= About this exercise =
How many lines in the data below include the word "ConstantValue"? Respond with the number, nothing more.

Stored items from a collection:
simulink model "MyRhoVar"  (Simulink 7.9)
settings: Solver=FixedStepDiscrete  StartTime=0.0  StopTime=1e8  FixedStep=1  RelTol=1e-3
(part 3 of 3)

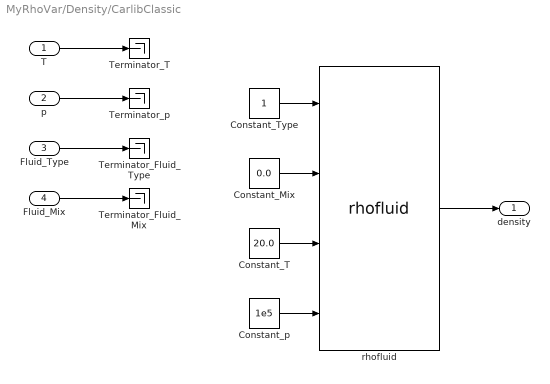
== system MyRhoVar/Density/CarlibClassic ==
  T : Inport
  p : Inport  Port=2
  Fluid_Type : Inport  Port=3
  Fluid_Mix : Inport  Port=4
  Constant_Mix : Constant  Value=0.0
  Constant_T : Constant  Value=20.0
  Constant_Type : Constant
  Constant_p : Constant  Value=1e5
  Terminator_Fluid_Mix : Terminator
  Terminator_Fluid_Type : Terminator
  Terminator_T : Terminator
  Terminator_p : Terminator
  rhofluid : S-Function  FunctionName=rhofluid  EnableBusSupport=off
  density : Outport
  wires:
  rhofluid/1 -> density/1
  T/1 -> Terminator_T/1
  p/1 -> Terminator_p/1
  Fluid_Type/1 -> Terminator_Fluid_Type/1
  Fluid_Mix/1 -> Terminator_Fluid_Mix/1
  Constant_T/1 -> rhofluid/3
  Constant_p/1 -> rhofluid/4
  Constant_Type/1 -> rhofluid/1
  Constant_Mix/1 -> rhofluid/2

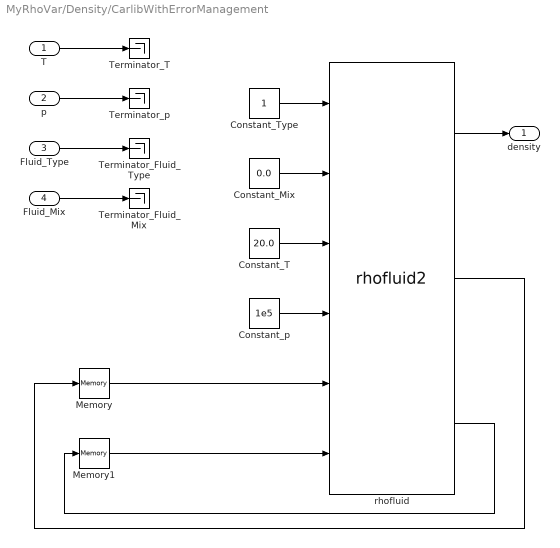
== system MyRhoVar/Density/CarlibWithErrorManagement ==
  T : Inport
  p : Inport  Port=2
  Fluid_Type : Inport  Port=3
  Fluid_Mix : Inport  Port=4
  Constant_Mix : Constant  Value=0.0
  Constant_T : Constant  Value=20.0
  Constant_Type : Constant
  Constant_p : Constant  Value=1e5
  Memory : Memory
  Memory1 : Memory
  Terminator_Fluid_Mix : Terminator
  Terminator_Fluid_Type : Terminator
  Terminator_T : Terminator
  Terminator_p : Terminator
  rhofluid : S-Function  FunctionName=rhofluid2  Parameters=DEBUGLEVEL-1,MAXTOTALWARNINGS,MAXCONSECUTIVEWARNINGS,WRITETOFILE,FILENAME  EnableBusSupport=off
  density : Outport
  wires:
  rhofluid/1 -> density/1
  rhofluid/2 -> Memory/1
  rhofluid/3 -> Memory1/1
  Memory1/1 -> rhofluid/6
  Memory/1 -> rhofluid/5
  T/1 -> Terminator_T/1
  p/1 -> Terminator_p/1
  Fluid_Type/1 -> Terminator_Fluid_Type/1
  Fluid_Mix/1 -> Terminator_Fluid_Mix/1
  Constant_T/1 -> rhofluid/3
  Constant_p/1 -> rhofluid/4
  Constant_Type/1 -> rhofluid/1
  Constant_Mix/1 -> rhofluid/2

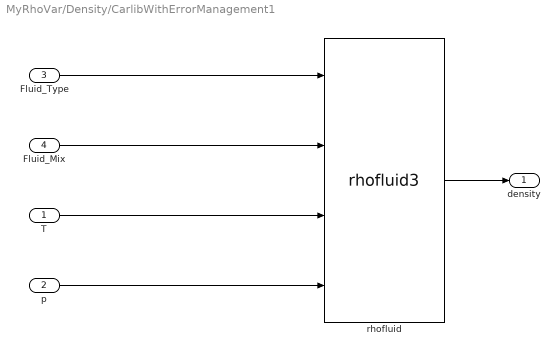
== system MyRhoVar/Density/CarlibWithErrorManagement1 ==
  T : Inport
  p : Inport  Port=2
  Fluid_Type : Inport  Port=3
  Fluid_Mix : Inport  Port=4
  rhofluid : S-Function  FunctionName=rhofluid3  Parameters=DEBUGLEVEL-1,MAXTOTALWARNINGS,MAXCONSECUTIVEWARNINGS,WRITETOFILE,FILENAME  EnableBusSupport=off
  density : Outport
  wires:
  rhofluid/1 -> density/1
  T/1 -> rhofluid/3
  p/1 -> rhofluid/4
  Fluid_Type/1 -> rhofluid/1
  Fluid_Mix/1 -> rhofluid/2

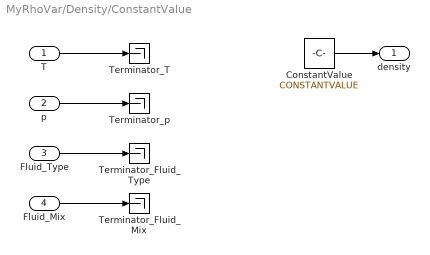
== system MyRhoVar/Density/ConstantValue ==
  T : Inport
  p : Inport  Port=2
  Fluid_Type : Inport  Port=3
  Fluid_Mix : Inport  Port=4
  ConstantValue : Constant  Value=CONSTANTVALUE
  Terminator_Fluid_Mix : Terminator
  Terminator_Fluid_Type : Terminator
  Terminator_T : Terminator
  Terminator_p : Terminator
  density : Outport
  wires:
  ConstantValue/1 -> density/1
  T/1 -> Terminator_T/1
  p/1 -> Terminator_p/1
  Fluid_Type/1 -> Terminator_Fluid_Type/1
  Fluid_Mix/1 -> Terminator_Fluid_Mix/1

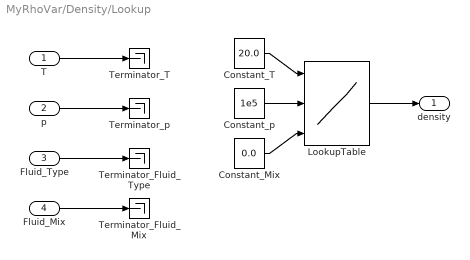
== system MyRhoVar/Density/Lookup ==
  T : Inport
  p : Inport  Port=2
  Fluid_Type : Inport  Port=3
  Fluid_Mix : Inport  Port=4
  Constant_Mix : Constant  Value=0.0
  Constant_T : Constant  Value=20.0
  Constant_p : Constant  Value=1e5
  LookupTable : Lookup_n-D  NumberOfTableDimensions=3  BreakpointsForDimension1=TLOOKUP  BreakpointsForDimension2=PLOOKUP  BreakpointsForDimension3=MIXLOOKUP  Table=DENSITYLOOKUP  DiagnosticForOutOfRangeInput=Warning  RndMeth=Simplest  InputSameDT=on
  Terminator_Fluid_Mix : Terminator
  Terminator_Fluid_Type : Terminator
  Terminator_T : Terminator
  Terminator_p : Terminator
  density : Outport
  wires:
  LookupTable/1 -> density/1
  T/1 -> Terminator_T/1
  p/1 -> Terminator_p/1
  Fluid_Type/1 -> Terminator_Fluid_Type/1
  Fluid_Mix/1 -> Terminator_Fluid_Mix/1
  Constant_T/1 -> LookupTable/1
  Constant_p/1 -> LookupTable/2
  Constant_Mix/1 -> LookupTable/3

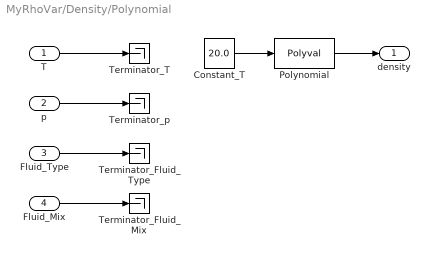
== system MyRhoVar/Density/Polynomial ==
  T : Inport
  p : Inport  Port=2
  Fluid_Type : Inport  Port=3
  Fluid_Mix : Inport  Port=4
  Constant_T : Constant  Value=20.0
  Polynomial : Polyval  Coefs=POLYNOMIALCOEFFICIENTS
  Terminator_Fluid_Mix : Terminator
  Terminator_Fluid_Type : Terminator
  Terminator_T : Terminator
  Terminator_p : Terminator
  density : Outport
  wires:
  Polynomial/1 -> density/1
  T/1 -> Terminator_T/1
  p/1 -> Terminator_p/1
  Fluid_Type/1 -> Terminator_Fluid_Type/1
  Fluid_Mix/1 -> Terminator_Fluid_Mix/1
  Constant_T/1 -> Polynomial/1

= Written response =
3